This is why we return every year

----------


## Miss Honey

Xtabi

----------


## conway scott

almost sunset

----------


## Jaherring

Very nice photos!

----------


## conway scott

The view looking at Charela

----------


## conway scott

Island Magic

----------


## conway scott

Have lots of picture but can only post 1 at a time because we only have satellite internet connection out here in the country

----------


## Miss Honey

View from Pushcart. Nice sunset views.

----------


## Miss Honey

The cabin room is one of the small cottages at Catcha. Nice private decks on the back of them.

----------


## *vi*

Enjoying your pictures, Miss Honey.  Thank you for sharing.  Are the cottages on the Catcha cliff side or the gardens?

----------


## conway scott

Beach Landmark

----------


## Miss Honey

The cottages are at Catcha. Actually a decent value.

----------


## Miss Honey

Conway I love this section of the beach.

----------


## SoloTraveller

> Conway I love this section of the beach.


I've only stayed there once, but White Sands has a strong gravitational pull that drags me there almost every day for hours on end.

----------


## Whynot

Who has a better beach with the low trees than Charela? Nobody,not even CSA.

----------


## Miss Honey

Never stayed at Charela but the beach looks beautiful

----------


## captaind

Does Charela allow day visitors to the beach and sell food/drink?

Thanks

Cap

----------


## conway scott

The answer to both of your questions is yes.  I have stayed at many different places and I would say without a doubt that Charela has the best beach front.  The palm tree are great for shade when needed

----------


## Bnewb

> Does Charela allow day visitors to the beach and sell food/drink?
> 
> Thanks
> 
> Cap


Capt...the last time I checked...it was $25us to use their beach, loungers,  pool etc...the $25 goes towards food and drinks.

----------


## captaind

> Capt...the last time I checked...it was $25us to use their beach, loungers,  pool etc...the $25 goes towards food and drinks.
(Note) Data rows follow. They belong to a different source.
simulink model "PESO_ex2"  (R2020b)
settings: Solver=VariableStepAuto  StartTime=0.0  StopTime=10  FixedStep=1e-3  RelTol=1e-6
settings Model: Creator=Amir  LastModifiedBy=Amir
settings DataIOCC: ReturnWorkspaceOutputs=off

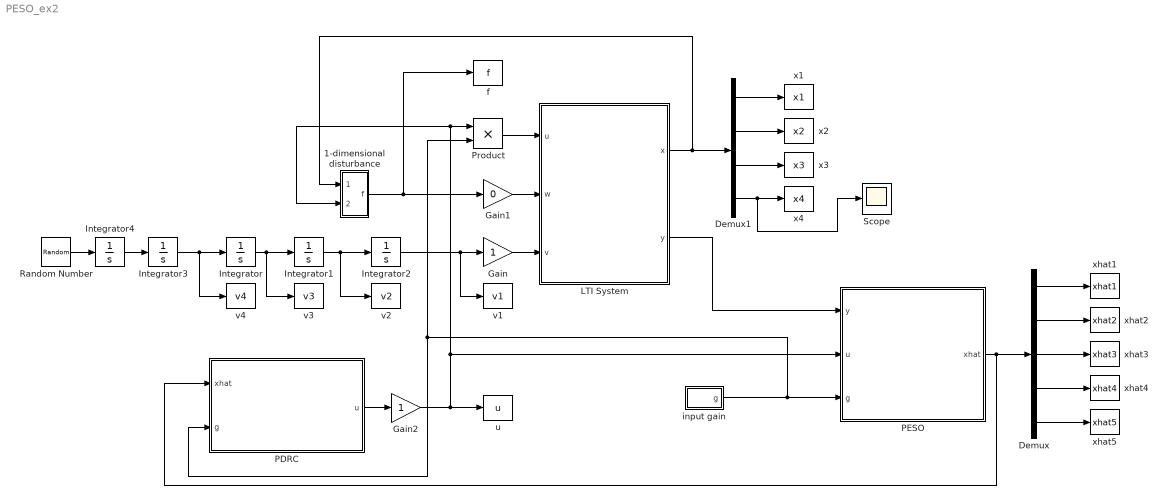
== system PESO_ex2 ==
  1-dimensional disturbance : Subsystem
  Demux : Demux  Outputs=5
  Demux1 : Demux
  Gain : Gain
  Gain1 : Gain  Gain=0
  Gain2 : Gain
  Integrator{,1..4} (5 alike) : Integrator
  LTI System : Subsystem  mask{n=4, m=1, k=1, A=[0 1 0 0;0 0 1 0;0 0 0 1;0 0 0 0], B=[0;0;0;1], C=[1 0 0 0], D=0, x0=[1;1;1;1]}
      mask prompts: n "Length of state vector (n):"; m "Length of input vector (m):"; k "Length of output vector (k):"; x0 "x(0):"
      mask DialogControl DescGroupVar Prompt: Main
      mask DialogControl DescTextVar Prompt: This block simulates a linear time-invariant (LTI) system. The system can be written as 'dx/dt=Ax+Bu+w' and 'y=Cx+Du+v'.
      mask DialogControl ParameterGroupVar Prompt: Dimensions
      mask DialogControl ParameterGroupVar_copy Prompt: Parameters
      mask DialogControl ParameterGroupVar_copy_copy Prompt: Initial Condition
  PDRC : Subsystem
  PESO : Subsystem  mask{n=4, tau=10, b=-[5;10;10;5;1], alpha=0.002, x0=10*[1;1;1;1], epsilon_t=1}
      mask prompts: n "Dimension of the system (n):"; tau "Convergence time (tau):"; b "Vector of observer gains (b):"; alpha "Mapping gain (alpha):"; x0 "Initial Estimated state (x0):"; epsilon_t "Switching tolerance (epsilon_t):"
      mask DialogControl DescGroupVar Prompt: Main
      mask DialogControl DescTextVar Prompt: Prescribed-time observer for unknown systems.
  Product : Product
  Random Number : RandomNumber  Variance=1e-6  SampleTime=1e-4
  Scope : Scope
  f : ToWorkspace  VariableName=f  SampleTime=-1
      settings: Save2DSignal=2-D array (concatenate along first dimension)
  input gain : Subsystem
  u : ToWorkspace  VariableName=u  SampleTime=-1
      settings: Save2DSignal=2-D array (concatenate along first dimension)
  v1 : ToWorkspace  VariableName=v1  SampleTime=-1
      settings: Save2DSignal=2-D array (concatenate along first dimension)
  v2 : ToWorkspace  VariableName=v2  SampleTime=-1
      settings: Save2DSignal=2-D array (concatenate along first dimension)
  v3 : ToWorkspace  VariableName=v3  SampleTime=-1
      settings: Save2DSignal=2-D array (concatenate along first dimension)
  v4 : ToWorkspace  VariableName=v4  SampleTime=-1
      settings: Save2DSignal=2-D array (concatenate along first dimension)
  x1 : ToWorkspace  VariableName=x1  SampleTime=-1
      settings: Save2DSignal=2-D array (concatenate along first dimension)
  x2 : ToWorkspace  VariableName=x2  SampleTime=-1
      settings: Save2DSignal=2-D array (concatenate along first dimension)
  x3 : ToWorkspace  VariableName=x3  SampleTime=-1
      settings: Save2DSignal=2-D array (concatenate along first dimension)
  x4 : ToWorkspace  VariableName=x4  SampleTime=-1
      settings: Save2DSignal=2-D array (concatenate along first dimension)
  xhat1 : ToWorkspace  VariableName=xhat1  SampleTime=-1
      settings: Save2DSignal=2-D array (concatenate along first dimension)
  xhat2 : ToWorkspace  VariableName=xhat2  SampleTime=-1
      settings: Save2DSignal=2-D array (concatenate along first dimension)
  xhat3 : ToWorkspace  VariableName=xhat3  SampleTime=-1
      settings: Save2DSignal=2-D array (concatenate along first dimension)
  xhat4 : ToWorkspace  VariableName=xhat4  SampleTime=-1
      settings: Save2DSignal=2-D array (concatenate along first dimension)
  xhat5 : ToWorkspace  VariableName=xhat5  SampleTime=-1
      settings: Save2DSignal=2-D array (concatenate along first dimension)
  wires:
  LTI System/2(y) -> PESO/1(y)
  PESO/1(xhat) -> Demux/1, PDRC/1(xhat)
  Demux/1 -> xhat1/1
  Demux/2 -> xhat2/1
  Demux/3 -> xhat3/1
  LTI System/1(x) -> 1-dimensional disturbance/1(x), Demux1/1
  Demux1/1 -> x1/1
  Demux1/2 -> x2/1
  1-dimensional disturbance/1(f) -> f/1, Gain1/1
  Demux/4 -> xhat4/1
  Demux/5 -> xhat5/1
  Demux1/3 -> x3/1
  Demux1/4 -> Scope/1, x4/1
  PDRC/1(u) -> Gain2/1
  input gain/1(g) -> Product/2, PDRC/2(g), PESO/3(g)
  Gain1/1 -> LTI System/2(w)
  Product/1 -> LTI System/1(u)
  Gain2/1 -> u/1, PESO/2(u), 1-dimensional disturbance/2(u), Product/1
  Integrator/1 -> v3/1, Integrator1/1
  Integrator1/1 -> Integrator2/1, v2/1
  Gain/1 -> LTI System/3(v)
  Integrator2/1 -> v1/1, Gain/1
  Random Number/1 -> Integrator4/1
  Integrator3/1 -> v4/1, Integrator/1
  Integrator4/1 -> Integrator3/1

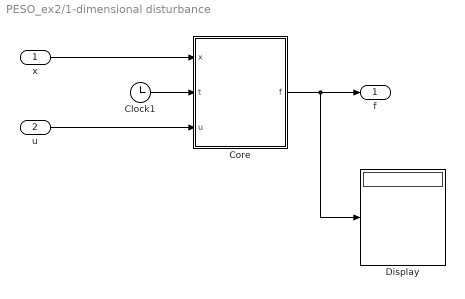
== system PESO_ex2/1-dimensional disturbance ==
  x : Inport
  u : Inport  Port=2
  Clock1 : Clock
  Core : MATLAB Function  TreatAsAtomicUnit=on
  Display : Display
  f : Outport
  wires:
  Core/1(f) -> Display/1, f/1
  Clock1/1 -> Core/2(t)
  x/1 -> Core/1(x)
  u/1 -> Core/3(u)

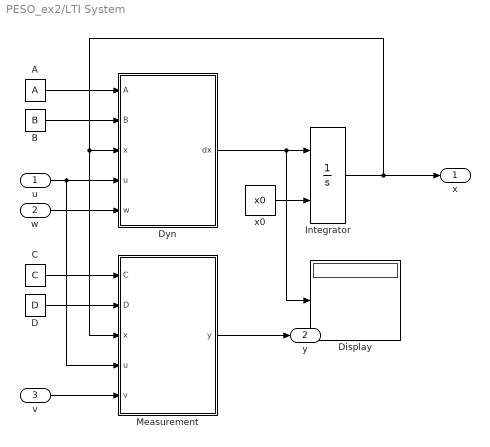
== system PESO_ex2/LTI System ==
  u : Inport
  w : Inport  Port=2
  v : Inport  Port=3
  A : Constant  Value=A
  B : Constant  Value=B
  C : Constant  Value=C
  D : Constant  Value=D
  Display : Display
  Dyn : MATLAB Function  TreatAsAtomicUnit=on
  Integrator : Integrator  InitialConditionSource=external
  Measurement : MATLAB Function  TreatAsAtomicUnit=on
  x0 : Constant  Value=x0
  x : Outport
  y : Outport  Port=2
  wires:
  v/1 -> Measurement/5(v)
  w/1 -> Dyn/5(w)
  u/1 -> Measurement/4(u), Dyn/4(u)
  Dyn/1(dx) -> Display/1, Integrator/1
  x0/1 -> Integrator/2
  B/1 -> Dyn/2(B)
  A/1 -> Dyn/1(A)
  C/1 -> Measurement/1(C)
  D/1 -> Measurement/2(D)
  Measurement/1(y) -> y/1
  Integrator/1 -> Measurement/3(x), Dyn/3(x), x/1

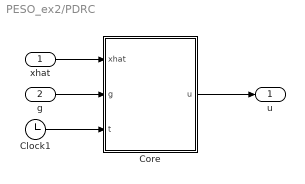
== system PESO_ex2/PDRC ==
  xhat : Inport
  g : Inport  Port=2
  Clock1 : Clock
  Core : MATLAB Function  TreatAsAtomicUnit=on
  u : Outport
  wires:
  Core/1(u) -> u/1
  Clock1/1 -> Core/3(t)
  xhat/1 -> Core/1(xhat)
  g/1 -> Core/2(g)

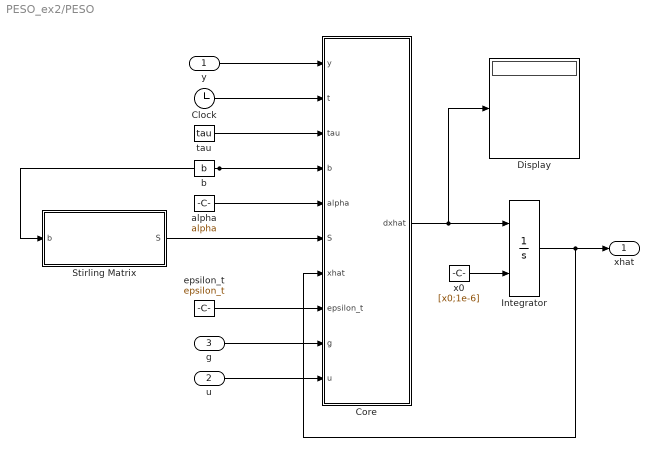
== system PESO_ex2/PESO ==
  y : Inport
  u : Inport  Port=2
  g : Inport  Port=3
  Clock : Clock
  Core : MATLAB Function  TreatAsAtomicUnit=on
  Display : Display
  Integrator : Integrator  InitialConditionSource=external
  Stirling Matrix : MATLAB Function  TreatAsAtomicUnit=on
  alpha : Constant  Value=alpha
  b : Constant  Value=b
  epsilon_t : Constant  Value=epsilon_t
  tau : Constant  Value=tau
  x0 : Constant  Value=[x0;1e-6]
  xhat : Outport
  wires:
  alpha/1 -> Core/5(alpha)
  b/1 -> Core/4(b), Stirling Matrix/1(b)
  y/1 -> Core/1(y)
  tau/1 -> Core/3(tau)
  Clock/1 -> Core/2(t)
  Stirling Matrix/1(S) -> Core/6(S)
  Core/1(dxhat) -> Display/1, Integrator/1
  x0/1 -> Integrator/2
  Integrator/1 -> xhat/1, Core/7(xhat)
  epsilon_t/1 -> Core/8(epsilon_t)
  u/1 -> Core/10(u)
  g/1 -> Core/9(g)

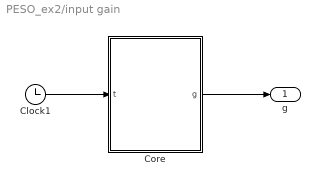
== system PESO_ex2/input gain ==
  Clock1 : Clock
  Core : MATLAB Function  TreatAsAtomicUnit=on
  g : Outport
  wires:
  Core/1(g) -> g/1
  Clock1/1 -> Core/1(t)

== matlab function PESO_ex2/LTI System/Measurement ==
  data: C input size=[k n]; D input size=[k m]; x input size=[n 1]; u input size=[m 1]; y output size=[k 1]; v input size=[k 1]
function y  = y_gen(C,D,x,u,v)

y = C*x+D*u+v;

== matlab function PESO_ex2/LTI System/Dyn ==
  data: A input size=[n n]; B input size=[n m]; x input size=[n 1]; u input size=[m 1]; dx output size=[n 1]; w input size=[n 1]
function dx  = dx_gen(A,B,x,u,w)

dx = A*x+B*u+w;

== matlab function PESO_ex2/1-dimensional disturbance/Core ==
  data: x input size=[4 1]; t input; u input; f output
function f = fcn(x,t,u)

f=zeros(length(x),1);

f(end)=cos(u)+sin(t^2)+norm(x)*exp(-norm(x))*u;

== matlab function PESO_ex2/PESO/Core ==
  data: y input size=[1 1]; dxhat output size=[n+1 1]; t input size=[1 1]; tau input size=[1 1]; b input size=[n+1 1]; alpha input size=[1 1]; S input size=[n+2 n+2]; xhat input size=[n+1,1]; epsilon_t input; g input; u input
function dxhat = PTC_gen(y,t,tau,b,alpha,S,xhat,epsilon_t,g,u)

if t>tau-epsilon_t
    
    t=tau-epsilon_t;
    
end

n=length(b)-1;

dxhat=zeros(n+1,1);

p=zeros(n+1,1);

for i=1:n+1
    
    sum=0;
    
    for j=i:n+1
        
        sum=sum+S(j,i)*(b(n-j+2))*(-1)^(j-i)/(alpha^(n-j+2)*(tau-t)^(n-i+2));
        
    end
    
    p(n-i+2)=-S(n+2,i)*(-1)^(n-i+2)/(tau-t)^(n-i+2)+sum;
    
end

for i=1:n-1
    
    dxhat(i)=xhat(i+1)+p(i)*(xhat(1)-y);
    
end

dxhat(n)=xhat(n+1)+p(n)*(xhat(1)-y)+g*u;

dxhat(n+1)=p(n+1)*(xhat(1)-y);

== matlab function PESO_ex2/PESO/Stirling Matrix ==
  data: b input size=[n+1 1]; S output size=[n+2 n+2]
function S = Stirling_gen(b)

n=length(b)+1;

S=zeros(n,n);

for i=1:n
    
    for j=1:n
        
        if i>=j
            
            m=0;

            for l=0:j-1
    
                sum=1/factorial(j-1)*(-1)^l*(factorial(j-1)/(factorial(l)*factorial(j-1-l)))*(j-1-l)^(i-1);
                
                m=m+sum;
                
            end
            
            S(i,j)=m;
            
        end
        
    end
    
end

== matlab function PESO_ex2/PDRC/Core ==
  data: xhat input size=[5 1]; g input; t input; u output
function u = fcn(xhat,g,t)

if t<0
    
    u=0;
    
else
    
    u=1/g*(-xhat(5)-[10000;4000;600;40]'*(xhat(1:4,1)-1*[sin(t);cos(t);-sin(t);-cos(t)]));

end

== matlab function PESO_ex2/input gain/Core ==
  data: t input; g output
function g = fcn(t)

g=exp(cos(t)+sin(t));

Sounds worth a try. We'll certainly spend the 25 on food/drinks

Thanks

Capt

----------


## Rob

Capt,

Just stopped by Charela and the current price is US$20 per person. And as Lisa mentioned, the entire cost can be redeemed in food and beverage!

That makes an easy day on the beach even easier....

----------


## captaind

> Capt,
> 
> Just stopped by Charela and the current price is US$20 per person. And as Lisa mentioned, the entire cost can be redeemed in food and beverage!
> 
> That makes an easy day on the beach even easier....


Perhaps a new Cosmo's for us We always spend 5,000 at Cosmo's plus tip

Looking forward to it!

Thanks

----------


## conway scott

Another view from Charela

----------


## Miss Honey

look at that soft sand

----------


## conway scott



----------


## Irine

Across from corner bar?

----------


## conway scott

The picture was taken just past the center of town. Not sure what was on the other side of the road

----------


## TAH

> Across from corner bar?


Yes.

----------


## conway scott

Early morning calm.

----------


## Whynot

WoW  that is great info.....We will be at CoCo so we can go there to change it up. 


> Capt,
> 
> Just stopped by Charela and the current price is US$20 per person. And as Lisa mentioned, the entire cost can be redeemed in food and beverage!
> 
> That makes an easy day on the beach even easier....

----------


## conway scott

Flat lands

----------


## Miss Honey

> My count is down to 40 days . Nothing like Vacation pics to go with my morning coffee.


Love this beach

----------


## JohnNYC

Conway, 
                Like your shot from in front of White Sands / Nirvana.  How about this from a few feet further. In front of Idle

----------


## JohnNYC



----------


## Miss Honey

> My count is down to 40 days . Nothing like Vacation pics to go with my morning coffee.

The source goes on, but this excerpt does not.